Cutensor produces runtime error on linux, but not windows

Hello,
I rewrote the yolov4 directly using the cuda libs and it worked on windows. However when compiling on linux(Ubuntu 18.04) I receive runtime errors executing the function cutensorElementwiseBinary. The error code is 15, “CUTENSOR_STATUS_NOT_SUPPORTED”. Upon investigation it seems like cutensorInitTensorDescriptor filled out the descriptor differently on the two operating systems. I am using cuda 11 on both and cutensor version 1.3.3.
The code can be found here: GitHub - TKGgunter/yolov4_tiny_rs: A rust implementation of yolov4_tiny algorithm. .

Thanks for any help.

Would you be able to isolate the failing call s.t. we could have a closer look?
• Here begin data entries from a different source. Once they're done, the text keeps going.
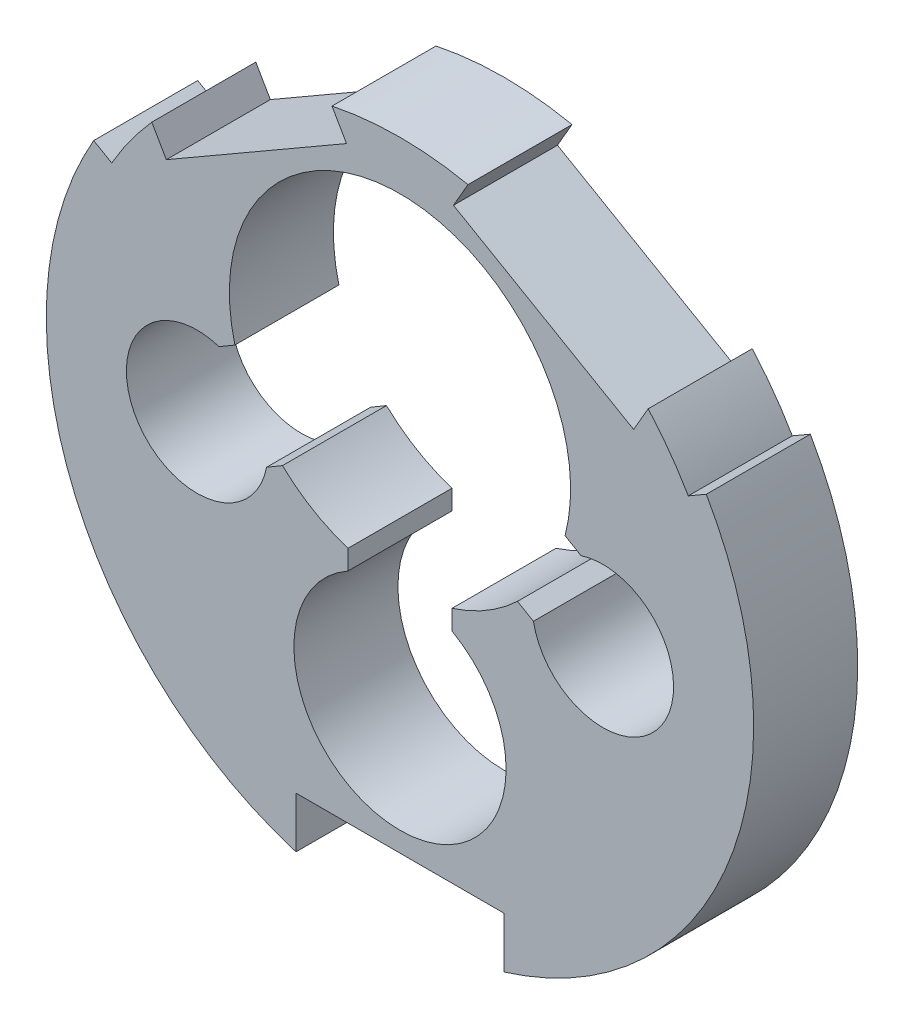
from build123d import *

# Parameters (mm, degrees)
EXTRUDE_1_DEPTH     = 2.5
BOSS_EXTRUDE3_START = -2.5
BOSS_EXTRUDE3_DEPTH = 5


with BuildPart() as part:
    # Эскиз1 → Бобышка-Вытянуть1 (new, symmetric)
    with BuildSketch(Plane.XY):
        with BuildLine():
            Line((3.269215058, 15.662446581), (2.569872981, 14.451150572))
            Line((2.569872981, 14.451150572), (11.230127019, 9.451150572))
            Line((11.230127019, 9.451150572), (11.929469096, 10.662446581))
            ThreePointArc((11.929469096, 10.662446581), (15.454813221, -4.141104722), (5, -15.198684154))
            Line((5, -15.198684154), (5, -13.8))
            Line((5, -13.8), (0, -13.8))
            Line((0, -13.8), (-5, -13.8))
            Line((-5, -13.8), (-5, -15.198684154))
            ThreePointArc((-5, -15.198684154), (-15.454813221, -4.141104722), (-11.929469096, 10.662446581))
            Line((-11.929469096, 10.662446581), (-11.230127019, 9.451150572))
            Line((-11.230127019, 9.451150572), (-2.569872981, 14.451150572))
            Line((-2.569872981, 14.451150572), (-3.269215058, 15.662446581))
            ThreePointArc((-3.269215058, 15.662446581), (0, 16), (3.269215058, 15.662446581))
        make_face()
        with BuildLine():
            Line((-2.5, -2.359609465), (-2.5, -3.304777846))
            ThreePointArc((-2.5, -3.304777846), (0, -12.85), (2.5, -3.304777846))
            Line((2.5, -3.304777846), (2.5, -2.359609465))
            ThreePointArc((2.5, -2.359609465), (4.180016715, -1.604605606), (5.649137352, -0.493672869))
            Line((5.649137352, -0.493672869), (6.41139529, -0.943209602))
            ThreePointArc((6.41139529, -0.943209602), (12.678644072, -2.027149068), (8.69732788, 2.932936963))
            Line((8.69732788, 2.932936963), (7.935069942, 3.382473696))
            ThreePointArc((7.935069942, 3.382473696), (0, 13.65), (-7.935069942, 3.382473696))
            Line((-7.935069942, 3.382473696), (-8.69732788, 2.932936963))
            ThreePointArc((-8.69732788, 2.932936963), (-12.678644072, -2.027149068), (-6.41139529, -0.943209602))
            Line((-6.41139529, -0.943209602), (-5.649137352, -0.493672869))
            ThreePointArc((-5.649137352, -0.493672869), (-4.180016715, -1.604605606), (-2.5, -2.359609465))
        make_face(mode=Mode.SUBTRACT)
    extrude(amount=EXTRUDE_1_DEPTH, both=True)

    # Sketch2 → Boss-Extrude3 (add)
    with BuildSketch(Plane.XY.offset(BOSS_EXTRUDE3_START)):
        with BuildLine():
            ThreePointArc((-5, -15.198684154), (-14.947767484, -5.706509199), (-13.856406461, 8))
            Line((-13.856406461, 8), (-14.722431864, 8.5))
            ThreePointArc((-14.722431864, 8.5), (-15.822781238, -6.216075442), (-5, -16.248076809))
            Line((-5, -16.248076809), (-5, -15.198684154))
        make_face()
        with BuildLine():
            Line((14.722431864, 8.5), (13.856406461, 8))
            ThreePointArc((13.856406461, 8), (14.947767484, -5.706509199), (5, -15.198684154))
            Line((5, -15.198684154), (5, -16.248076809))
            ThreePointArc((5, -16.248076809), (15.822781238, -6.216075442), (14.722431864, 8.5))
        make_face()
    extrude(amount=BOSS_EXTRUDE3_DEPTH)


solid = part.part
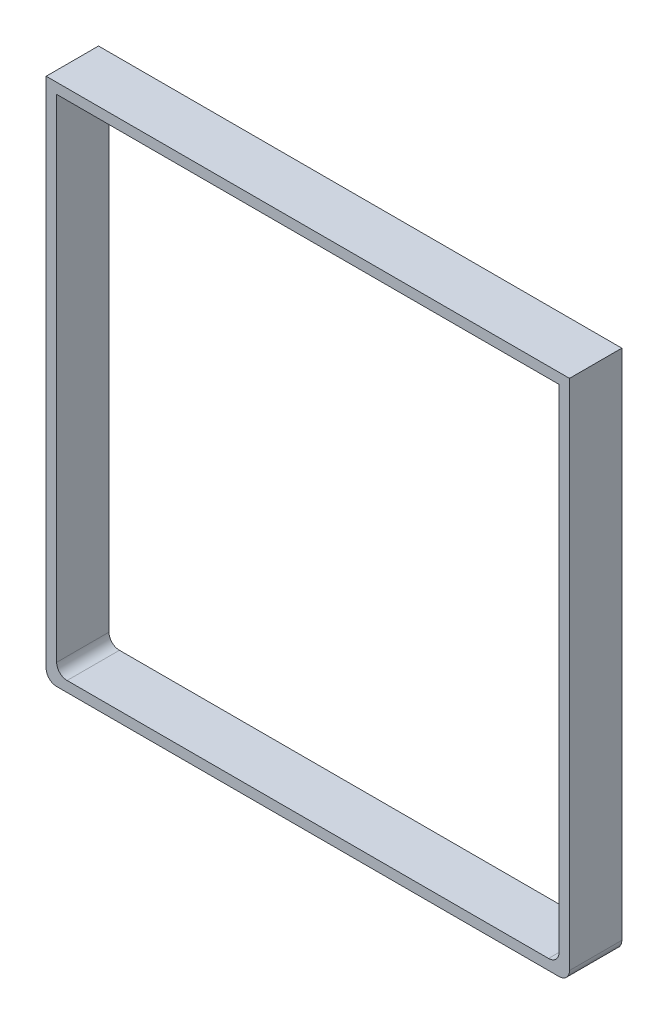
from build123d import *

# Parameters (mm, degrees)
SALIENTE_EXTRUIR1_DEPTH = 50


with BuildPart() as part:
    # Croquis2 → Saliente-Extruir1 (new body)
    with BuildSketch(Plane.XY):
        with BuildLine():
            Line((0, 10), (0, 500))
            Line((0, 500), (500, 500))
            Line((500, 500), (500, 10))
            ThreePointArc((500, 10), (497.071067812, 2.928932188), (490, 0))
            Line((490, 0), (10, 0))
            ThreePointArc((10, 0), (2.928932188, 2.928932188), (0, 10))
        make_face()
        with BuildLine():
            Line((10, 490), (10, 20))
            ThreePointArc((10, 20), (12.928932188, 12.928932188), (20, 10))
            Line((20, 10), (480, 10))
            ThreePointArc((480, 10), (487.071067812, 12.928932188), (490, 20))
            Line((490, 20), (490, 490))
            Line((490, 490), (10, 490))
        make_face(mode=Mode.SUBTRACT)
    extrude(amount=SALIENTE_EXTRUIR1_DEPTH)


solid = part.part
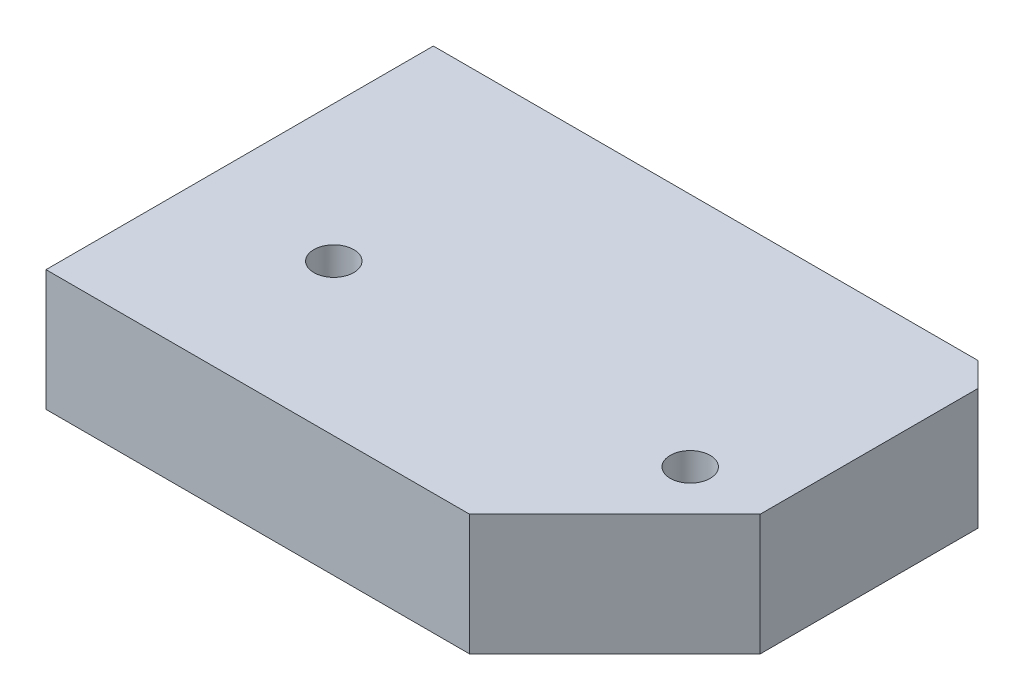
from build123d import *

# Parameters (mm, degrees)
SKETCH_1_W             = 42
SKETCH_1_H             = 10
EXTRUDE_1_DEPTH        = 23.5
CUT_EXTRUDE_1_DEPTH    = 52.720402164
HOLE_WIZARD_M4_2_D     = 3.3
HOLE_WIZARD_M4_2_DEPTH = 10.1
HOLE_WIZARD_M4_2_TIP   = 0.991420021
HOLE_WIZARD_M4_1_D     = 3.3
CHAMFER_4_SIZE         = 12
CUT_EXTRUDE_3_DEPTH    = 34.064331336


with BuildPart() as part:
    # 草图1 → 凸台-拉伸1 (new, symmetric)
    with BuildSketch(Plane(origin=(0, 0, 0), x_dir=(0, 0, -1), z_dir=(1, 0, 0))):
        Rectangle(SKETCH_1_W, SKETCH_1_H)
    extrude(amount=EXTRUDE_1_DEPTH, both=True)

    # 草图2 → 切除-拉伸1 (cut, through all)
    with BuildSketch(Plane(origin=(23.5, 0, 0), x_dir=(0, 0, -1), z_dir=(1, 0, 0))):
        Polygon((21, -5), (11, 5), (21, 5), align=None)
    extrude(amount=-CUT_EXTRUDE_1_DEPTH, mode=Mode.SUBTRACT)

    # M4 螺纹孔2
    with Locations(Plane(origin=(-23.5, -27.863076326, 2.458563873), x_dir=(0, -1, 0), z_dir=(-1, 0, 0))):
        with Locations((-27.863076326, 5.541436127), (-27.863076326, -6.458563873)):
            Hole(HOLE_WIZARD_M4_2_D / 2, depth=HOLE_WIZARD_M4_2_DEPTH)
            with Locations((0, 0, -(HOLE_WIZARD_M4_2_DEPTH + HOLE_WIZARD_M4_2_TIP / 2))):  # 118° drill point
                Cone(0, HOLE_WIZARD_M4_2_D / 2, HOLE_WIZARD_M4_2_TIP, mode=Mode.SUBTRACT)

    # M4 螺纹孔1 (through all)
    with Locations(Plane(origin=(0, -5, 0), x_dir=(-1, 0, 0), z_dir=(0, -1, 0))):
        with Locations((-2.5, 17), (-17.222431864, -8.5), (12.222431864, -8.5)):
            Hole(HOLE_WIZARD_M4_1_D / 2)

    # 倒角4
    chamfer_4_edges = [part.edges().sort_by_distance(p)[0] for p in [
        (23.5, 0, 21),
    ]]
    chamfer(chamfer_4_edges, length=CHAMFER_4_SIZE)

    # 草图8 → 切除-拉伸3 (cut, through all)
    with BuildSketch(Plane.XZ.offset(5)):
        Polygon((23.5, -9), (11.5, -21), (23.5, -21), align=None)
    extrude(amount=-CUT_EXTRUDE_3_DEPTH, mode=Mode.SUBTRACT)


solid = part.part
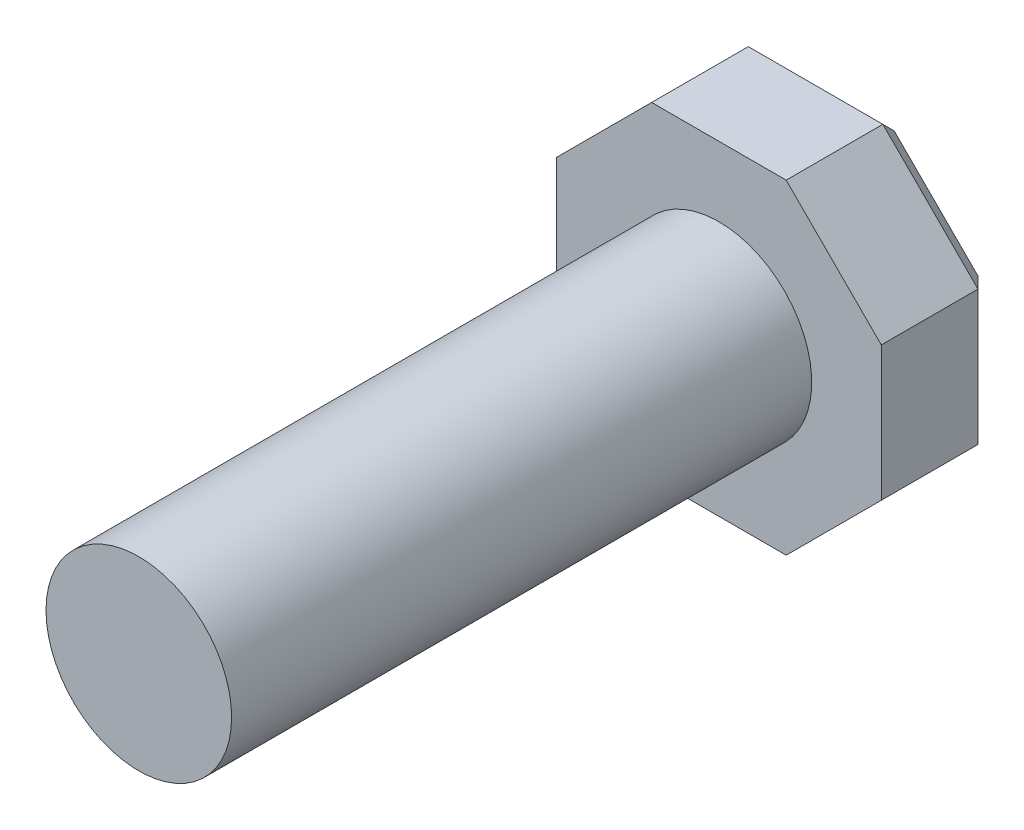
from build123d import *

# Parameters (mm, degrees)
EXTRUDE2_DEPTH = 15
CHAMFER3_SIZE  = 2.5
SKETCH3_R      = 12
EXTRUDE3_DEPTH = 75


with BuildPart() as part:
    # Sketch2 → Extrude2 (new body)
    with BuildSketch(Plane.XY):
        Polygon((-21, 8.69848481), (-8.69848481, 21), (8.69848481, 21), (21, 8.69848481), (21, -8.69848481), (8.69848481, -21), (-8.69848481, -21), (-21, -8.69848481), align=None)
    extrude(amount=EXTRUDE2_DEPTH)

    # Chamfer3
    chamfer3_edges = [part.edges().sort_by_distance(p)[0] for p in [
        (14.849242405, 14.849242405, 0),
        (21, 0, 0),
        (14.849242405, -14.849242405, 0),
        (0, -21, 0),
        (-14.849242405, -14.849242405, 0),
        (-21, 0, 0),
        (-14.849242405, 14.849242405, 0),
        (0, 21, 0),
    ]]
    chamfer(chamfer3_edges, length=CHAMFER3_SIZE)

    # Sketch3 → Extrude3 (add)
    with BuildSketch(Plane.XY.offset(15)):
        with Locations(Location((0, 0, 0), (0, 0, 180))):
            Circle(SKETCH3_R)
    extrude(amount=EXTRUDE3_DEPTH)


solid = part.part
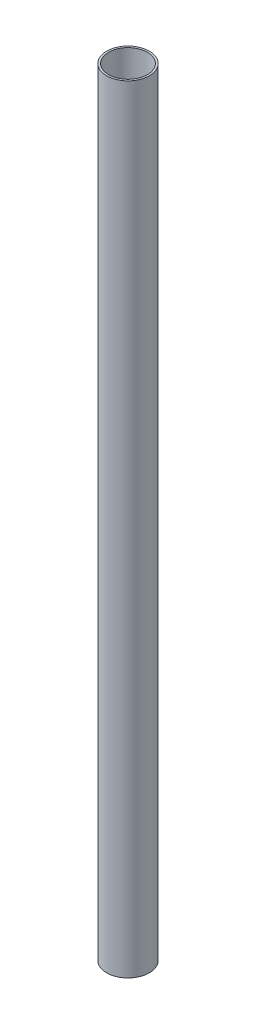
from build123d import *

# Parameters (mm, degrees)
ESQUISSE3_R        = 11
ESQUISSE3_R_2      = 10
BOSS_EXTRU_1_DEPTH = 400


with BuildPart() as part:
    # Esquisse3 → Boss.-Extru.1 (new body)
    with BuildSketch(Plane(origin=(0, 0, 0), x_dir=(1, 0, 0), z_dir=(0, 1, 0))):
        with Locations(Location((0, 0, 0), (0, 0, 270))):
            Circle(ESQUISSE3_R)
        with Locations(Location((0, 0, 0), (0, 0, 270))):
            Circle(ESQUISSE3_R_2, mode=Mode.SUBTRACT)
    extrude(amount=BOSS_EXTRU_1_DEPTH)


solid = part.part
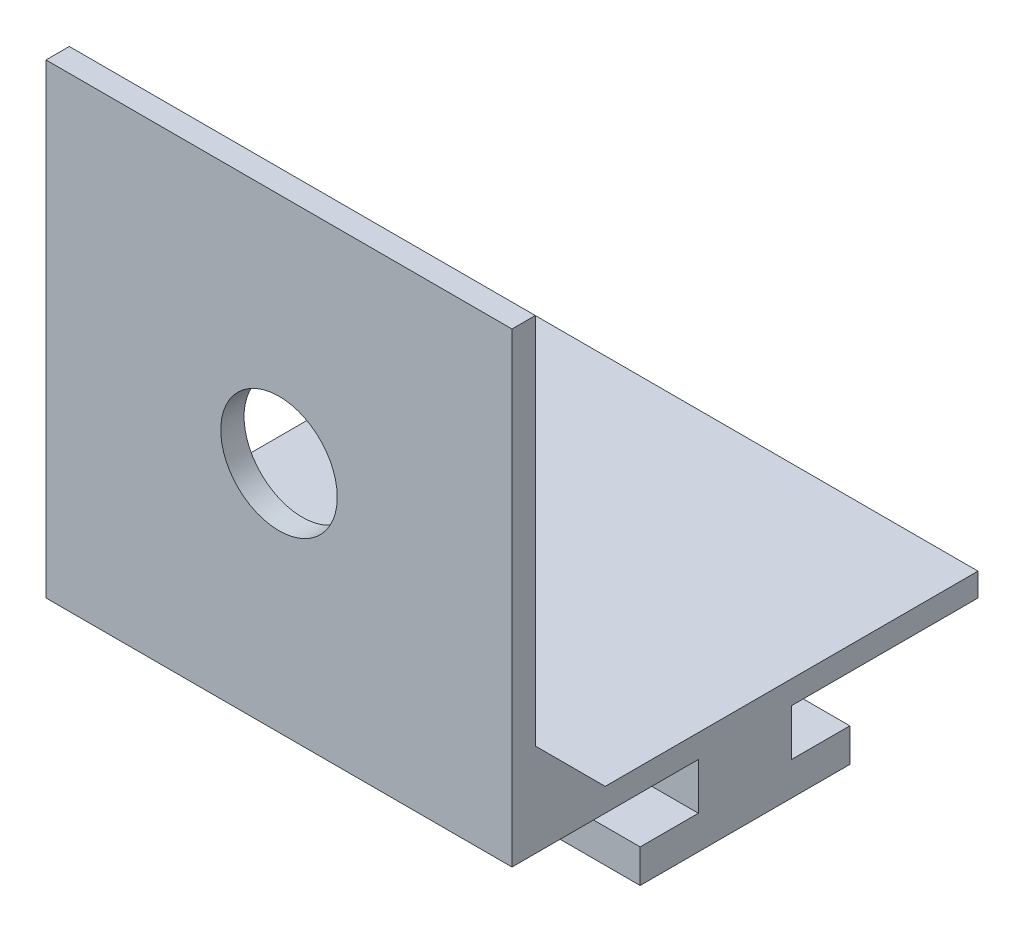
from build123d import *

# Parameters (mm, degrees)
SKETCH1_W           = 20
SKETCH1_H           = 20
BOSS_EXTRUDE1_DEPTH = 1
SKETCH2_W           = 20
SKETCH2_H           = 20
SKETCH2_R           = 2.5
BOSS_EXTRUDE2_DEPTH = 1
BOSS_EXTRUDE3_DEPTH = 20
BOSS_EXTRUDE4_START = -19
BOSS_EXTRUDE4_DEPTH = 1
BOSS_EXTRUDE5_DEPTH = 20


with BuildPart() as part:
    # Sketch1 → Boss-Extrude1 (new body)
    with BuildSketch(Plane(origin=(0, 0, 0), x_dir=(1, 0, 0), z_dir=(0, 1, 0))):
        Rectangle(SKETCH1_W, SKETCH1_H)
    extrude(amount=BOSS_EXTRUDE1_DEPTH)

    # Sketch2 → Boss-Extrude2 (add)
    with BuildSketch(Plane.XY.offset(10)):
        with Locations((0, 10)):
            Rectangle(SKETCH2_W, SKETCH2_H)
        with Locations((0, 10)):
            Circle(SKETCH2_R, mode=Mode.SUBTRACT)
    extrude(amount=-BOSS_EXTRUDE2_DEPTH)

    # Sketch3 → Boss-Extrude3 (add)
    with BuildSketch(Plane(origin=(10, 0, 0), x_dir=(0, 0, -1), z_dir=(1, 0, 0))):
        Polygon((-9, 4), (-6, 1), (-9, 1), align=None)
    extrude(amount=-BOSS_EXTRUDE3_DEPTH)

    # Sketch3<2> → Boss-Extrude4 (add)
    with BuildSketch(Plane(origin=(10, 0, 0), x_dir=(0, 0, -1), z_dir=(1, 0, 0)).offset(BOSS_EXTRUDE4_START)):
        Polygon((-9, 4), (-6, 1), (-9, 1), align=None)
    extrude(amount=-BOSS_EXTRUDE4_DEPTH)

    # Sketch4 → Boss-Extrude5 (add)
    with BuildSketch(Plane(origin=(10, 0, 0), x_dir=(0, 0, -1), z_dir=(1, 0, 0))):
        Polygon((-2, 0), (-2, -2), (-4.5, -2), (-4.5, -3.436102186), (4.5, -3.436102186), (4.5, -2), (2, -2), (2, 0), align=None)
    extrude(amount=-BOSS_EXTRUDE5_DEPTH)


solid = part.part

cuTENSOR’s logging capabilities (see User Guide — cuTENSOR 1.3.3 documentation) might be useful to you; please see if CUTENSOR_LOG_LEVEL=1 gives you more insights. If not, could you please report the output of CUTENSOR_LOG_LEVEL=5?

I’ll write a smaller standalone program later, but the relevant code links are below. The first link is to the first instance in main where the error is returned. The second is the source code of that function. The output of CUTENSOR_LOG_LEVEL=5 is given below.

[2021-09-27 08:35:48][cuTENSOR][24264][Api][cutensorInitTensorDescriptor] handle=0X7FFCBB67A9D0, desc_=0X7FFCBB6D2D98, numModes=4, extent=0X560BC4D143F0, stride=0X0, dataType=0, op=11
[2021-09-27 08:35:48][cuTENSOR][24264][Api][cutensorInitTensorDescriptor] handle=0X7FFCBB67A9D0, desc_=0X7FFCBB6D3000, numModes=4, extent=0X560BC4D143F0, stride=0X0, dataType=0, op=1

useA1 useB0 useC1
-Pcs -modeC97,98,99,100 -strideC1,13,169,507, -gamma0.700000 -opC1 -Pas -modeA97,98,99,100 -strideA1,13,169,507, -alpha1.300000 -opA11 -extent100=2,99=3,97=13,98=13, -opAB3 -opABC3 -Pcomps -Relementwise

Just encase it is unclear the function of interest is

calc_elementwise_binary

An example has been write and can be found here yolov4_tiny_rs/linux_error.rs at master · TKGgunter/yolov4_tiny_rs · GitHub.
To run down load the contents of yolov4_tiny_rs/cuda11-cutensor-sys at master · TKGgunter/yolov4_tiny_rs · GitHub. and run the command

cargo run --example linux_error

A C/C++ version can be found here yolov4_tiny_rs/linux_error.c at master · TKGgunter/yolov4_tiny_rs · GitHub

Hello @pspringer , have you or someone at Nvidia been able to look into this problem? Do are there any solutions/work a rounds to this issue?